Content starts
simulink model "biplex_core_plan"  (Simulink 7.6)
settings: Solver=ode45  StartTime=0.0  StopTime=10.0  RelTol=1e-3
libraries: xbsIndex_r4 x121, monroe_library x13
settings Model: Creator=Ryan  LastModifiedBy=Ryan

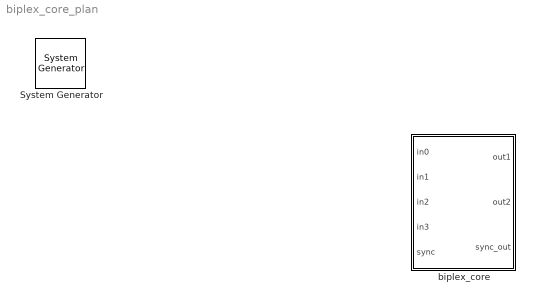
== system biplex_core_plan ==
  " System Generator" : xbsIndex_r4/ System Generator  Tag=genX  SystemSampleTime=-1  xilinxfamily=Virtex6  part=xc6vsx315t  speed=-3  package=ff1156  synthesis_tool=XST  clock_wrapper=Clock Enables  directory=./netlist  testbench=off  simulink_period=1  sysclk_period=10  dcm_input_clock_period=10  incr_netlist=off  trim_vbits=Everywhere in SubSystem  dbl_ovrd=According to Block Masks  core_generation=According to Block Masks  run_coregen=off  deprecated_control=off  eval_field=0  block_type=sysgen
  biplex_core : Subsystem
  wires:
  ? -> biplex_core/5(sync)

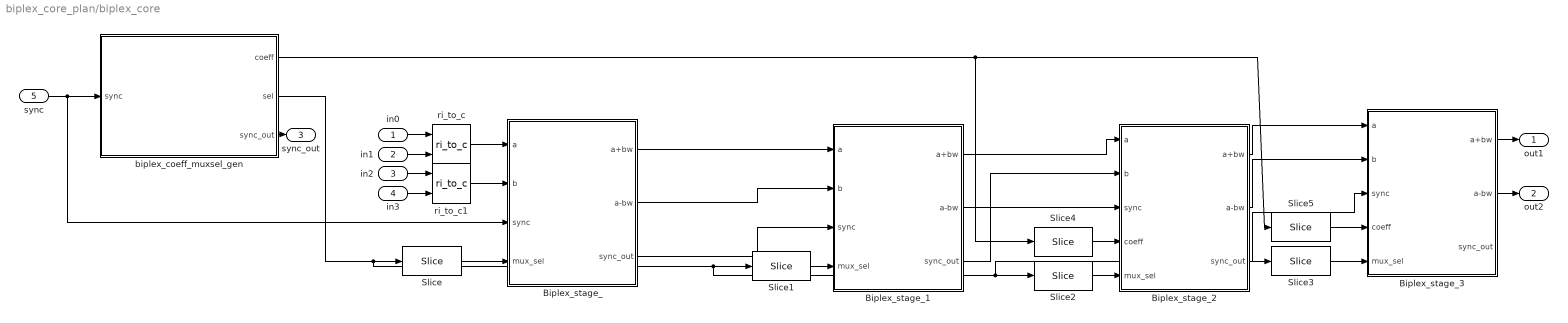
== system biplex_core_plan/biplex_core ==
  in0 : Inport
  in1 : Inport  Port=2
  in2 : Inport  Port=3
  in3 : Inport  Port=4
  sync : Inport  Port=5
  Biplex_stage_ : Subsystem  mask{FFTSize=4, FFTStage=1, input_bit_width=18, coeff_bit_width=18, output_bit_width=18, delays_bram=1, bram_latency=2, shift=0, delay_arr=[0,1,0]}
      mask prompts: FFTSize "FFT Size"; FFTStage "FFT Stage"; input_bit_width "Input Bit Width"; coeff_bit_width "Coefficient Bit Width"; output_bit_width "Output Bit Width"; delays_bram "Delays in BRAM"; bram_latency "BRAM latency"; shift "Downshift in this stage? (0 or 1)"; delay_arr "In-Stage Delay Array"
      mask init:
      | config.source=str2func('biplex_stage_n_draw');
      | config.toplevel=gcb;
      | config.debug=0;
      | config.depend={'biplex_stage_n_draw.m'};
      | xBlock(config,{FFTSize, FFTStage, input_bit_width, coeff_bit_width, output_bit_width, delays_bram, bram_latency, shift, delay_arr});
  Biplex_stage_1 : Subsystem  mask{FFTSize=4, FFTStage=2, input_bit_width=18, coeff_bit_width=18, output_bit_width=18, delays_bram=1, bram_latency=2, shift=0, delay_arr=[0,1,0]}
      mask prompts: FFTSize "FFT Size"; FFTStage "FFT Stage"; input_bit_width "Input Bit Width"; coeff_bit_width "Coefficient Bit Width"; output_bit_width "Output Bit Width"; delays_bram "Delays in BRAM"; bram_latency "BRAM latency"; shift "Downshift in this stage? (0 or 1)"; delay_arr "In-Stage Delay Array"
      mask init: same as biplex_core_plan/biplex_core/Biplex_stage_
  Biplex_stage_2 : Subsystem  mask{FFTSize=4, FFTStage=3, input_bit_width=18, coeff_bit_width=18, output_bit_width=18, delays_bram=1, bram_latency=2, shift=0, delay_arr=[0,1,0]}
      mask prompts: FFTSize "FFT Size"; FFTStage "FFT Stage"; input_bit_width "Input Bit Width"; coeff_bit_width "Coefficient Bit Width"; output_bit_width "Output Bit Width"; delays_bram "Delays in BRAM"; bram_latency "BRAM latency"; shift "Downshift in this stage? (0 or 1)"; delay_arr "In-Stage Delay Array"
      mask init: same as biplex_core_plan/biplex_core/Biplex_stage_
  Biplex_stage_3 : Subsystem  mask{FFTSize=4, FFTStage=4, input_bit_width=18, coeff_bit_width=18, output_bit_width=18, delays_bram=1, bram_latency=2, shift=0, delay_arr=[0,1,0]}
      mask prompts: FFTSize "FFT Size"; FFTStage "FFT Stage"; input_bit_width "Input Bit Width"; coeff_bit_width "Coefficient Bit Width"; output_bit_width "Output Bit Width"; delays_bram "Delays in BRAM"; bram_latency "BRAM latency"; shift "Downshift in this stage? (0 or 1)"; delay_arr "In-Stage Delay Array"
      mask init: same as biplex_core_plan/biplex_core/Biplex_stage_
  Slice : xbsIndex_r4/Slice  nbits=1  boolean_output=on  mode=Upper Bit Location + Width  bit1=0  base1=MSB of Input  bit0=0  base0=LSB of Input  dbl_ovrd=off  block_type=slice
  Slice1 : xbsIndex_r4/Slice  nbits=1  boolean_output=on  mode=Upper Bit Location + Width  bit1=-1  base1=MSB of Input  bit0=0  base0=LSB of Input  dbl_ovrd=off  block_type=slice
  Slice2 : xbsIndex_r4/Slice  nbits=1  boolean_output=on  mode=Upper Bit Location + Width  bit1=-2  base1=MSB of Input  bit0=0  base0=LSB of Input  dbl_ovrd=off  block_type=slice
  Slice3 : xbsIndex_r4/Slice  nbits=1  boolean_output=on  mode=Upper Bit Location + Width  bit1=-3  base1=MSB of Input  bit0=0  base0=LSB of Input  dbl_ovrd=off  block_type=slice
  Slice4 : xbsIndex_r4/Slice  nbits=36  boolean_output=off  mode=Upper Bit Location + Width  bit1=0  base1=MSB of Input  bit0=0  base0=LSB of Input  dbl_ovrd=off  block_type=slice
  Slice5 : xbsIndex_r4/Slice  nbits=36  boolean_output=off  mode=Upper Bit Location + Width  bit1=-36  base1=MSB of Input  bit0=0  base0=LSB of Input  dbl_ovrd=off  block_type=slice
  biplex_coeff_muxsel_gen : Subsystem  mask{FFTSize=4, bit_width=18, register_coeffs=0, optional_delay_arr=[[1,0,1]; [1,1,1];  [1,1,1];  [1,1,1]], stage_delay_arr=[3,6,6,6]}
      mask prompts: FFTSize "FFT Size"; bit_width "Coefficient Bit Width"; register_coeffs "Register Coeffs?"; optional_delay_arr "In-Stage Delay Array"; stage_delay_arr "Mandatory Stage Delay Array"
      mask init:
      | config.source=str2func('biplex_coeff_muxsel_gen_draw');
      | config.toplevel=gcb;
      | config.debug=0;
      | config.depend={'biplex_coeff_muxsel_gen_draw.m'};
      | xBlock(config,{FFTSize, bit_width, register_coeffs, optional_delay_arr, stage_delay_arr});
  ri_to_c : monroe_library/ri_to_c  SystemSampleTime=-1
  ri_to_c1 : monroe_library/ri_to_c  SystemSampleTime=-1
  out1 : Outport
  out2 : Outport  Port=2
  sync_out : Outport  Port=3
  wires:
  ri_to_c/1 -> Biplex_stage_/1(a)
  ri_to_c1/1 -> Biplex_stage_/2(b)
  Biplex_stage_/3(sync_out) -> Biplex_stage_1/3(sync)
  Biplex_stage_/2(a-bw) -> Biplex_stage_1/2(b)
  Biplex_stage_/1(a+bw) -> Biplex_stage_1/1(a)
  Biplex_stage_1/1(a+bw) -> Biplex_stage_2/1(a)
  Biplex_stage_1/2(a-bw) -> Biplex_stage_2/2(b)
  Biplex_stage_1/3(sync_out) -> Biplex_stage_2/3(sync)
  Biplex_stage_2/1(a+bw) -> Biplex_stage_3/1(a)
  Biplex_stage_2/2(a-bw) -> Biplex_stage_3/2(b)
  Biplex_stage_2/3(sync_out) -> Biplex_stage_3/3(sync)
  biplex_coeff_muxsel_gen/2(sel) -> Slice/1, Slice1/1, Slice2/1, Slice3/1
  Slice/1 -> Biplex_stage_/4(mux_sel)
  Slice2/1 -> Biplex_stage_2/5(mux_sel)
  Slice1/1 -> Biplex_stage_1/4(mux_sel)
  Slice3/1 -> Biplex_stage_3/5(mux_sel)
  sync/1 -> biplex_coeff_muxsel_gen/1(sync), Biplex_stage_/3(sync)
  Slice5/1 -> Biplex_stage_3/4(coeff)
  biplex_coeff_muxsel_gen/1(coeff) -> Slice5/1, Slice4/1
  Slice4/1 -> Biplex_stage_2/4(coeff)
  in0/1 -> ri_to_c/1
  biplex_coeff_muxsel_gen/3(sync_out) -> sync_out/1
  Biplex_stage_3/1(a+bw) -> out1/1
  in1/1 -> ri_to_c/2
  in2/1 -> ri_to_c1/1
  in3/1 -> ri_to_c1/2
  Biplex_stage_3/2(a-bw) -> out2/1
Content ends
### [TASK PROMPT]
Give back, word for word, only the lines above from the line holding "in0 : Inport" to the line holding "Biplex_stage_ : Subsystem", both included.

### [WRITTEN REPLY]
  in0 : Inport
  in1 : Inport  Port=2
  in2 : Inport  Port=3
  in3 : Inport  Port=4
  sync : Inport  Port=5
  Biplex_stage_ : Subsystem  mask{FFTSize=4, FFTStage=1, input_bit_width=18, coeff_bit_width=18, output_bit_width=18, delays_bram=1, bram_latency=2, shift=0, delay_arr=[0,1,0]}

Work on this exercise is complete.